#### What to work on:
Which lines run from the line with "- R11, R8: value 2.2K -> 4.7K" through the line with "- net /FLASH_IO3: track" in the entries below? Print them exactly, both ends included, and nothing more.

#### Records from a dataset:
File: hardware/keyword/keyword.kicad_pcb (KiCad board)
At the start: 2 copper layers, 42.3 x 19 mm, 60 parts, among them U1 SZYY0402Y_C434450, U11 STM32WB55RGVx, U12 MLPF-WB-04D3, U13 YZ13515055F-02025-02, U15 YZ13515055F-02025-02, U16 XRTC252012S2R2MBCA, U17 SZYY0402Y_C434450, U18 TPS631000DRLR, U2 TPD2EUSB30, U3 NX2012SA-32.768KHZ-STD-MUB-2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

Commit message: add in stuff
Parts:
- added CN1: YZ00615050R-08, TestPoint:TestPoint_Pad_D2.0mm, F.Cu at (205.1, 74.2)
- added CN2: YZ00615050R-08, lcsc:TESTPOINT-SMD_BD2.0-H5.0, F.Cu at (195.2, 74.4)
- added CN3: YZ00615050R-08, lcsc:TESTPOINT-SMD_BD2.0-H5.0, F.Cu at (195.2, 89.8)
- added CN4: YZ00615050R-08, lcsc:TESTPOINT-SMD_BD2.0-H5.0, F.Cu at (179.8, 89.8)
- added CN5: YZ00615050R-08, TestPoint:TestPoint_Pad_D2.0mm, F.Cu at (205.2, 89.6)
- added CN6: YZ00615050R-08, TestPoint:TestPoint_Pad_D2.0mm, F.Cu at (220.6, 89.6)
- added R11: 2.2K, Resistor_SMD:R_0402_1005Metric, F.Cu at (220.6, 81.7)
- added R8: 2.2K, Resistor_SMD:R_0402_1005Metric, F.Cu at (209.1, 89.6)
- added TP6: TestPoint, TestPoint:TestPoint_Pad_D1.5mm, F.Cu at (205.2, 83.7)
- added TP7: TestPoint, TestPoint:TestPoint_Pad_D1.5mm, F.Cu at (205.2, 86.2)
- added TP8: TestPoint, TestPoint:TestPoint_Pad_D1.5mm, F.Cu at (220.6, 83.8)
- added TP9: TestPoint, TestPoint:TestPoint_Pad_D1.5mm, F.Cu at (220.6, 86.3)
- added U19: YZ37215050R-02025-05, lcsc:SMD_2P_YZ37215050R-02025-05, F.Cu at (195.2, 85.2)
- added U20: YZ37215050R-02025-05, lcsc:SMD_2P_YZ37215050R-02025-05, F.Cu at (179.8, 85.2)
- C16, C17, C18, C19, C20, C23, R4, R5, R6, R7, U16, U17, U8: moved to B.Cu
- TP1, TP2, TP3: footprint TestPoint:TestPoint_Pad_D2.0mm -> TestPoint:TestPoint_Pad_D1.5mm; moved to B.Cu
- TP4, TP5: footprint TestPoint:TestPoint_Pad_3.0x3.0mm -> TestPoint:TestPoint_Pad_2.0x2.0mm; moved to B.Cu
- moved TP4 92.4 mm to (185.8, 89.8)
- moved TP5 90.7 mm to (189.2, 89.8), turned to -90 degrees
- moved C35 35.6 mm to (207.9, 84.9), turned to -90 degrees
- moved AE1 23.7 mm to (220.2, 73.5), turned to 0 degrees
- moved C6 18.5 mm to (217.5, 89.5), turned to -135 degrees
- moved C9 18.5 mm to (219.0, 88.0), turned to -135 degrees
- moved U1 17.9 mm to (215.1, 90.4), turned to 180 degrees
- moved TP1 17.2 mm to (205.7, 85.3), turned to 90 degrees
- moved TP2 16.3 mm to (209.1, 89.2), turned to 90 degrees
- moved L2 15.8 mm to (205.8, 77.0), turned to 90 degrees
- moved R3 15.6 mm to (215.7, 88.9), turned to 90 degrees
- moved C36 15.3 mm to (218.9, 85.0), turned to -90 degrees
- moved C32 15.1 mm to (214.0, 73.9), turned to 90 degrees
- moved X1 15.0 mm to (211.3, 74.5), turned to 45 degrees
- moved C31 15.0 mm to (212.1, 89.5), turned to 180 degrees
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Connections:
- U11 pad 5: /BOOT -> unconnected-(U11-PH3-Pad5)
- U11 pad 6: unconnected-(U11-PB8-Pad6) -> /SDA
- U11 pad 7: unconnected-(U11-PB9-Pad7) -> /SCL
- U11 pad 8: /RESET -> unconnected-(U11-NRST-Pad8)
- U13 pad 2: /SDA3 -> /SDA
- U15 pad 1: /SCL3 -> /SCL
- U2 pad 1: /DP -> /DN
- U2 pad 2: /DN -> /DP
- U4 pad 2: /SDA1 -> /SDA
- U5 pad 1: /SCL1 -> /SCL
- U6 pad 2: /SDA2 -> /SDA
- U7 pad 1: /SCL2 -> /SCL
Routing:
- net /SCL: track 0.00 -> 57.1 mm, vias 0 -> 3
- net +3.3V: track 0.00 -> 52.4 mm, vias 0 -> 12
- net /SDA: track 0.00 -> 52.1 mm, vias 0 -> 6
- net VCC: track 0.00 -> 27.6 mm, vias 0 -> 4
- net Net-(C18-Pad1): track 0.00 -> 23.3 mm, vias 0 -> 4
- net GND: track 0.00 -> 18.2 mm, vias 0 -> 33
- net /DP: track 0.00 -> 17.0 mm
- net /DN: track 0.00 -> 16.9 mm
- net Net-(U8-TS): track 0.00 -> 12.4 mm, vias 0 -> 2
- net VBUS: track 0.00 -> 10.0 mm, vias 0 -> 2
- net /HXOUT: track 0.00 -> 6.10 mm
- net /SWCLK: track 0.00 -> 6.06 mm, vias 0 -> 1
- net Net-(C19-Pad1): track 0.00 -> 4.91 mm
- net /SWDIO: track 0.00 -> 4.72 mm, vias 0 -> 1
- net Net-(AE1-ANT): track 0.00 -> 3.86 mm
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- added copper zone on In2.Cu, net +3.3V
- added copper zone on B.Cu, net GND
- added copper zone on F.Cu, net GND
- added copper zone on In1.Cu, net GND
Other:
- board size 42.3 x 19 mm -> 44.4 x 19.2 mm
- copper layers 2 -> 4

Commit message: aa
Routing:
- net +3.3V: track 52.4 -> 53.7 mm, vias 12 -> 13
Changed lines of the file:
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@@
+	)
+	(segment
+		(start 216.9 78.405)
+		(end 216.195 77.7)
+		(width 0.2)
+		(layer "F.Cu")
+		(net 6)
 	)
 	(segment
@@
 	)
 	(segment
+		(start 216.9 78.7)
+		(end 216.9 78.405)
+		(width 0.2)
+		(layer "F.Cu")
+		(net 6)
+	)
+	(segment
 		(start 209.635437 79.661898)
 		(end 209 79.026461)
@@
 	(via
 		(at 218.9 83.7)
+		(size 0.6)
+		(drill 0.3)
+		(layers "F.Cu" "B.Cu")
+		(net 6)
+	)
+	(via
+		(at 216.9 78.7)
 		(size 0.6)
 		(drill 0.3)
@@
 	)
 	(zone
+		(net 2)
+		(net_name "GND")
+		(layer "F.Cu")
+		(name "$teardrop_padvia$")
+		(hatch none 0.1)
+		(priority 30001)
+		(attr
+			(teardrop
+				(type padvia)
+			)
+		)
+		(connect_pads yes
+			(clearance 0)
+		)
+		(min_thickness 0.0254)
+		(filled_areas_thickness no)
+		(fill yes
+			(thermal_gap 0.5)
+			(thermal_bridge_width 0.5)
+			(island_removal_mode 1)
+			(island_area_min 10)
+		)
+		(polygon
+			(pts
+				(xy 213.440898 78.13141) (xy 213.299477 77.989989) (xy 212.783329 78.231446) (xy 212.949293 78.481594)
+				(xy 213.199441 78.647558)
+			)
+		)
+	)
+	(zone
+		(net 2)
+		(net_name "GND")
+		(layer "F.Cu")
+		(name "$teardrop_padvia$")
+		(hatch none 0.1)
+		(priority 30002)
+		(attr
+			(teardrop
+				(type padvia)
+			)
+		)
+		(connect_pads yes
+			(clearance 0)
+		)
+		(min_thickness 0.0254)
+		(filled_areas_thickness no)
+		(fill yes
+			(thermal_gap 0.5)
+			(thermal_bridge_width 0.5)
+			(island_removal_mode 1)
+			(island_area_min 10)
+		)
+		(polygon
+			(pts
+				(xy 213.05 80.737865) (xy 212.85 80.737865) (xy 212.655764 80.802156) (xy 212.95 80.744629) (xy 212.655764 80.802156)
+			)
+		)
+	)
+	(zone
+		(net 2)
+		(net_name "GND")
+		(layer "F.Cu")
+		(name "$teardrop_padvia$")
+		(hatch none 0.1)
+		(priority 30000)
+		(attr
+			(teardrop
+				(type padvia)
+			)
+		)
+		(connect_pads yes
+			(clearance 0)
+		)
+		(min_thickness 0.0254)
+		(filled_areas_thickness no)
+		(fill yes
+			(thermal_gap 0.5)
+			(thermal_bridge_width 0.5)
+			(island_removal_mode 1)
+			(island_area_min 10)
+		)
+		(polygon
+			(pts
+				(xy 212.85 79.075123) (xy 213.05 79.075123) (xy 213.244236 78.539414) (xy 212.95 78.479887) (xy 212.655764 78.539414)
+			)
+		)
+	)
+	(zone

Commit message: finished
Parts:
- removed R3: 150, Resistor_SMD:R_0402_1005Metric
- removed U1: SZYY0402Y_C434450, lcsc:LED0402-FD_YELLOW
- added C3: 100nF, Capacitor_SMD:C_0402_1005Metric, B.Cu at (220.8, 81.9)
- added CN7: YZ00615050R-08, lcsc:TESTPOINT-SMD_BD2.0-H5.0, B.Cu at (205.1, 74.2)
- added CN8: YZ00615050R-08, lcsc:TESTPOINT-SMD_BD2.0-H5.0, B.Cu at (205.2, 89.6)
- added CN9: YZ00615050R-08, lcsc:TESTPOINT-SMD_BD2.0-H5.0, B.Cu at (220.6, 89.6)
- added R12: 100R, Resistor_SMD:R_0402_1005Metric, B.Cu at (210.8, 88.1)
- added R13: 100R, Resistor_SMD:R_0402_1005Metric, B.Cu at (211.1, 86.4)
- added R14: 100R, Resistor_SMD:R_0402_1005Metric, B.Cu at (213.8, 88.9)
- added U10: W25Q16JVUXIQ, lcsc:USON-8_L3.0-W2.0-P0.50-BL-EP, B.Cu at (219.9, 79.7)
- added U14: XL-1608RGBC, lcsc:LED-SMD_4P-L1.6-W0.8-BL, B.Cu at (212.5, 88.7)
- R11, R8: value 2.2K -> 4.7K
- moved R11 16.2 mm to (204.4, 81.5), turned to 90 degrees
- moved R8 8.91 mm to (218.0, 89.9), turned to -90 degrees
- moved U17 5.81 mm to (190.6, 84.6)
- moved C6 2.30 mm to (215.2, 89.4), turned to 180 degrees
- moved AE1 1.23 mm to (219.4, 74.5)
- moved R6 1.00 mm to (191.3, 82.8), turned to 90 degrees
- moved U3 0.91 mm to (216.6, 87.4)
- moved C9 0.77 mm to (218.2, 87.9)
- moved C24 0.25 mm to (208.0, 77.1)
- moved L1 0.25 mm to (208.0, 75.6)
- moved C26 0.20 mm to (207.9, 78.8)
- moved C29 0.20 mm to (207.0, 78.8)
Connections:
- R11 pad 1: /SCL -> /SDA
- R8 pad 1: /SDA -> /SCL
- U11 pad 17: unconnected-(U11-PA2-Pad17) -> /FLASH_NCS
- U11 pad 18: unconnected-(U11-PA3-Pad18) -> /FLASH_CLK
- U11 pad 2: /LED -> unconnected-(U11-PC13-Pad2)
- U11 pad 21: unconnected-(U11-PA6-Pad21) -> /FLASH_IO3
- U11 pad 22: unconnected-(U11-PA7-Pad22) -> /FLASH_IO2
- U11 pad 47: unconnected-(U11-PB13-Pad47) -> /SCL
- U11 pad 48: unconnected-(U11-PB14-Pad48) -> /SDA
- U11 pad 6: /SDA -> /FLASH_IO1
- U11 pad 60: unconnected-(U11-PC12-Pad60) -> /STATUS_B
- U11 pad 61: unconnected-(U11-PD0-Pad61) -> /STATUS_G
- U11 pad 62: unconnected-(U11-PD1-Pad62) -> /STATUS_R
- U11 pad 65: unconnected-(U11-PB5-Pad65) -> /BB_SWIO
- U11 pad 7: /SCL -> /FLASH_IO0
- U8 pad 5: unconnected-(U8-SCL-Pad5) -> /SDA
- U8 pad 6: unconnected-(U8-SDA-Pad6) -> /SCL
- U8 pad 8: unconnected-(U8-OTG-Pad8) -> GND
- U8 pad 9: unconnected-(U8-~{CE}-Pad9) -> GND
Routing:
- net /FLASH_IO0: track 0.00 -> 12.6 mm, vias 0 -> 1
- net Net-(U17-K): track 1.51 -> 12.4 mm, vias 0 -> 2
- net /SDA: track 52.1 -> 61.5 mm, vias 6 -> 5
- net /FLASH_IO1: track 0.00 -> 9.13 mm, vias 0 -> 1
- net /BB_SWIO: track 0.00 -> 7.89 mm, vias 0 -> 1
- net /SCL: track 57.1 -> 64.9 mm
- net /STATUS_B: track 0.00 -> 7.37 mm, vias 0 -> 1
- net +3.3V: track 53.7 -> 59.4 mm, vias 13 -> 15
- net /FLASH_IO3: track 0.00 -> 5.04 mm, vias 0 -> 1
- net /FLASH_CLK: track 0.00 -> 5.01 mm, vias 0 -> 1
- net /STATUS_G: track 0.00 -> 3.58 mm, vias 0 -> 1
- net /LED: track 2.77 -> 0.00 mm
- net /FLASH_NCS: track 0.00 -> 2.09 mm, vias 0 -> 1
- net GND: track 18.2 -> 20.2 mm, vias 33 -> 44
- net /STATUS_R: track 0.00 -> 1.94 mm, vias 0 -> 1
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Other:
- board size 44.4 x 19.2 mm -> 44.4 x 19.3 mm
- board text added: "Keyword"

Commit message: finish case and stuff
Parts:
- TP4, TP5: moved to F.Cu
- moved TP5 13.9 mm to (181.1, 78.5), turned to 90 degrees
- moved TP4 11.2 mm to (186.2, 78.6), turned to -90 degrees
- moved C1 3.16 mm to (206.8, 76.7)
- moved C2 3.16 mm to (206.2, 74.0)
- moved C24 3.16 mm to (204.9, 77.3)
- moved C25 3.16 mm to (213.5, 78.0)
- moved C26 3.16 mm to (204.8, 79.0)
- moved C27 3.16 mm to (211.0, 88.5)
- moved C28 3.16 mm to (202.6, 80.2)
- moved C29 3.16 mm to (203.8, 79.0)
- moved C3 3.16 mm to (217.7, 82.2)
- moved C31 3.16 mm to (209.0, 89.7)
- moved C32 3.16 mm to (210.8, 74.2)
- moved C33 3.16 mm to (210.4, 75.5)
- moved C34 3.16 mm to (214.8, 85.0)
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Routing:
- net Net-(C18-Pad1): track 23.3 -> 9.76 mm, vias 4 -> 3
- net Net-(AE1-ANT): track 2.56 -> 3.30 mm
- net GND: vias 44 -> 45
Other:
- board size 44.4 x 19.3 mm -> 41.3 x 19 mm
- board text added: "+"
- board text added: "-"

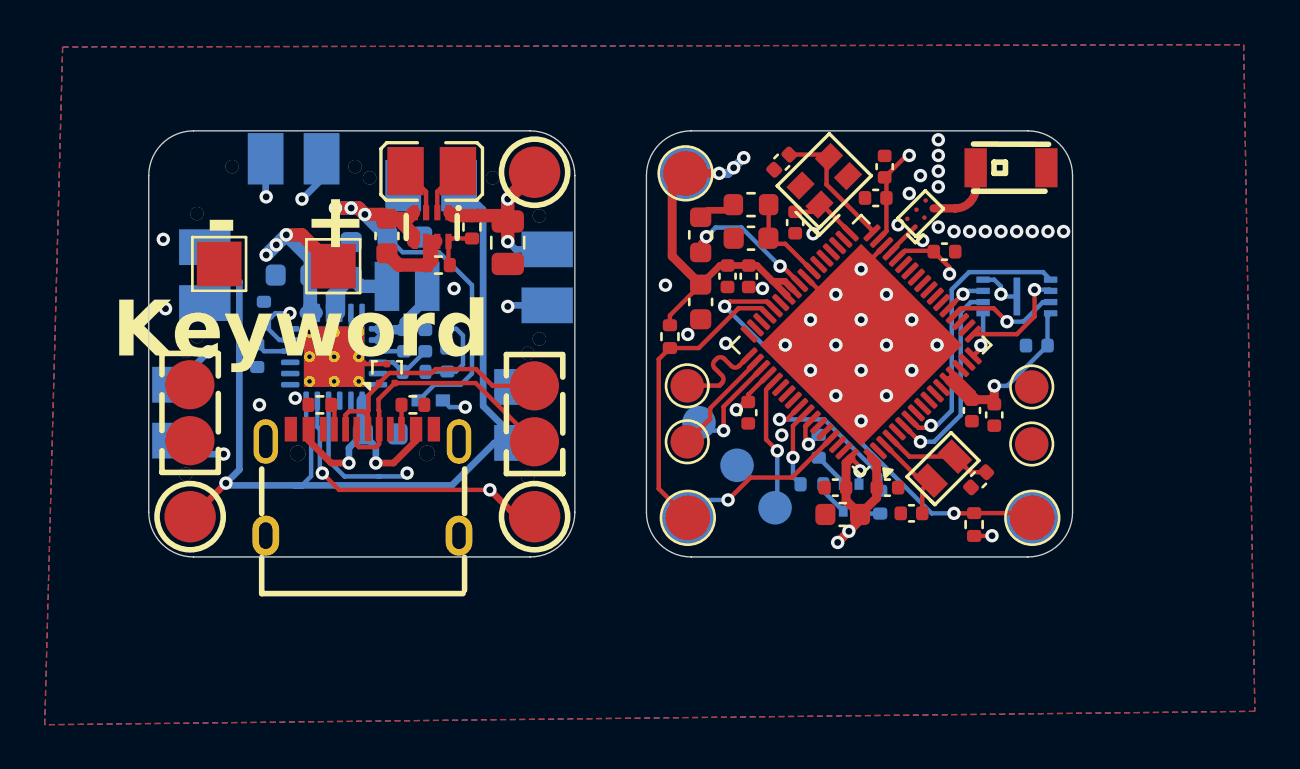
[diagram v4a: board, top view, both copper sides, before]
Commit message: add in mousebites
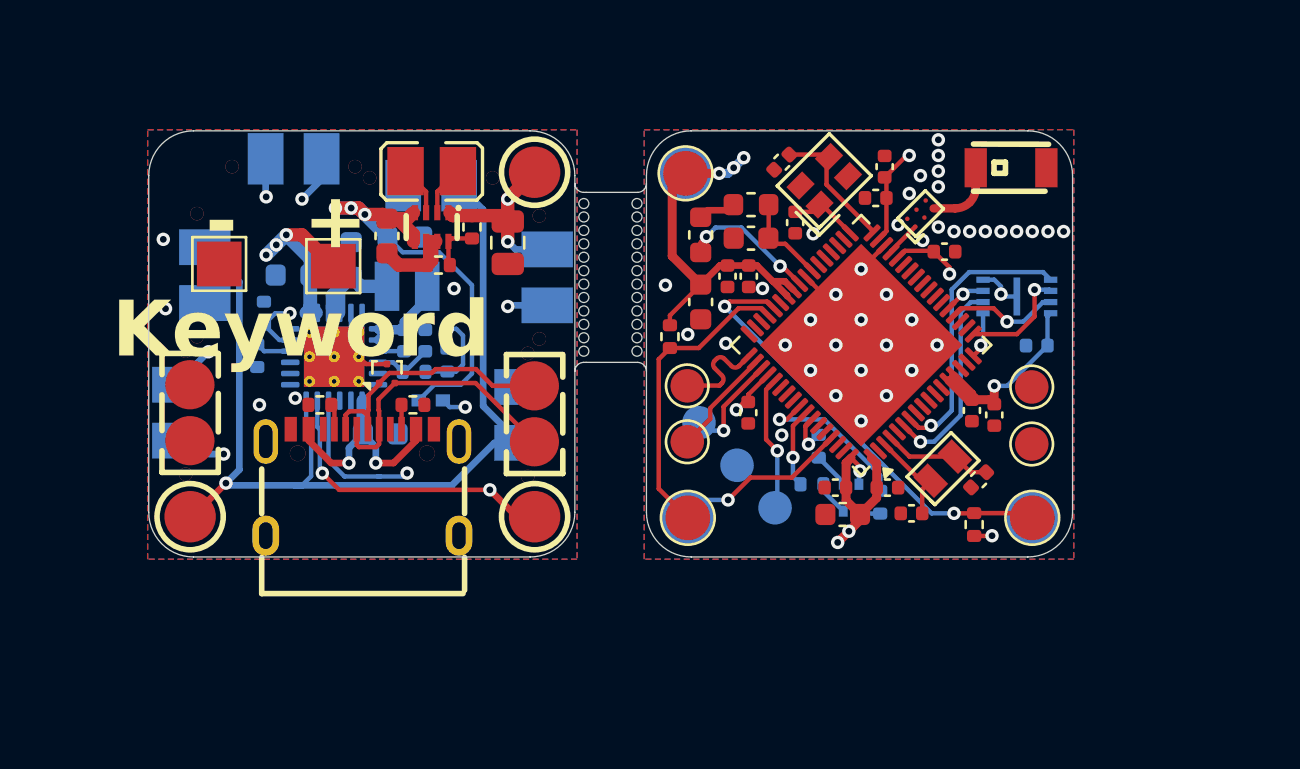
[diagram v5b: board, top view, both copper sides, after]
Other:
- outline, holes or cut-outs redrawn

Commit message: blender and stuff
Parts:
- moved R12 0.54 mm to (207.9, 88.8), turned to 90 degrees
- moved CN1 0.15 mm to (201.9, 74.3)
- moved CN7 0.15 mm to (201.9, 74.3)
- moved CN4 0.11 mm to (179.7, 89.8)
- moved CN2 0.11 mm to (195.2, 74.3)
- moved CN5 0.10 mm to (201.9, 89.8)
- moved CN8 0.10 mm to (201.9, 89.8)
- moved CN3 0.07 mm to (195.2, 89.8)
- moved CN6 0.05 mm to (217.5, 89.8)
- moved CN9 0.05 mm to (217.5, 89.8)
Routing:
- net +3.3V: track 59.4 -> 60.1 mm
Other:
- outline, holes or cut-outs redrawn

#### Task answer:
- R11, R8: value 2.2K -> 4.7K
- moved R11 16.2 mm to (204.4, 81.5), turned to 90 degrees
- moved R8 8.91 mm to (218.0, 89.9), turned to -90 degrees
- moved U17 5.81 mm to (190.6, 84.6)
- moved C6 2.30 mm to (215.2, 89.4), turned to 180 degrees
- moved AE1 1.23 mm to (219.4, 74.5)
- moved R6 1.00 mm to (191.3, 82.8), turned to 90 degrees
- moved U3 0.91 mm to (216.6, 87.4)
- moved C9 0.77 mm to (218.2, 87.9)
- moved C24 0.25 mm to (208.0, 77.1)
- moved L1 0.25 mm to (208.0, 75.6)
- moved C26 0.20 mm to (207.9, 78.8)
- moved C29 0.20 mm to (207.0, 78.8)
Connections:
- R11 pad 1: /SCL -> /SDA
- R8 pad 1: /SDA -> /SCL
- U11 pad 17: unconnected-(U11-PA2-Pad17) -> /FLASH_NCS
- U11 pad 18: unconnected-(U11-PA3-Pad18) -> /FLASH_CLK
- U11 pad 2: /LED -> unconnected-(U11-PC13-Pad2)
- U11 pad 21: unconnected-(U11-PA6-Pad21) -> /FLASH_IO3
- U11 pad 22: unconnected-(U11-PA7-Pad22) -> /FLASH_IO2
- U11 pad 47: unconnected-(U11-PB13-Pad47) -> /SCL
- U11 pad 48: unconnected-(U11-PB14-Pad48) -> /SDA
- U11 pad 6: /SDA -> /FLASH_IO1
- U11 pad 60: unconnected-(U11-PC12-Pad60) -> /STATUS_B
- U11 pad 61: unconnected-(U11-PD0-Pad61) -> /STATUS_G
- U11 pad 62: unconnected-(U11-PD1-Pad62) -> /STATUS_R
- U11 pad 65: unconnected-(U11-PB5-Pad65) -> /BB_SWIO
- U11 pad 7: /SCL -> /FLASH_IO0
- U8 pad 5: unconnected-(U8-SCL-Pad5) -> /SDA
- U8 pad 6: unconnected-(U8-SDA-Pad6) -> /SCL
- U8 pad 8: unconnected-(U8-OTG-Pad8) -> GND
- U8 pad 9: unconnected-(U8-~{CE}-Pad9) -> GND
Routing:
- net /FLASH_IO0: track 0.00 -> 12.6 mm, vias 0 -> 1
- net Net-(U17-K): track 1.51 -> 12.4 mm, vias 0 -> 2
- net /SDA: track 52.1 -> 61.5 mm, vias 6 -> 5
- net /FLASH_IO1: track 0.00 -> 9.13 mm, vias 0 -> 1
- net /BB_SWIO: track 0.00 -> 7.89 mm, vias 0 -> 1
- net /SCL: track 57.1 -> 64.9 mm
- net /STATUS_B: track 0.00 -> 7.37 mm, vias 0 -> 1
- net +3.3V: track 53.7 -> 59.4 mm, vias 13 -> 15
- net /FLASH_IO3: track 0.00 -> 5.04 mm, vias 0 -> 1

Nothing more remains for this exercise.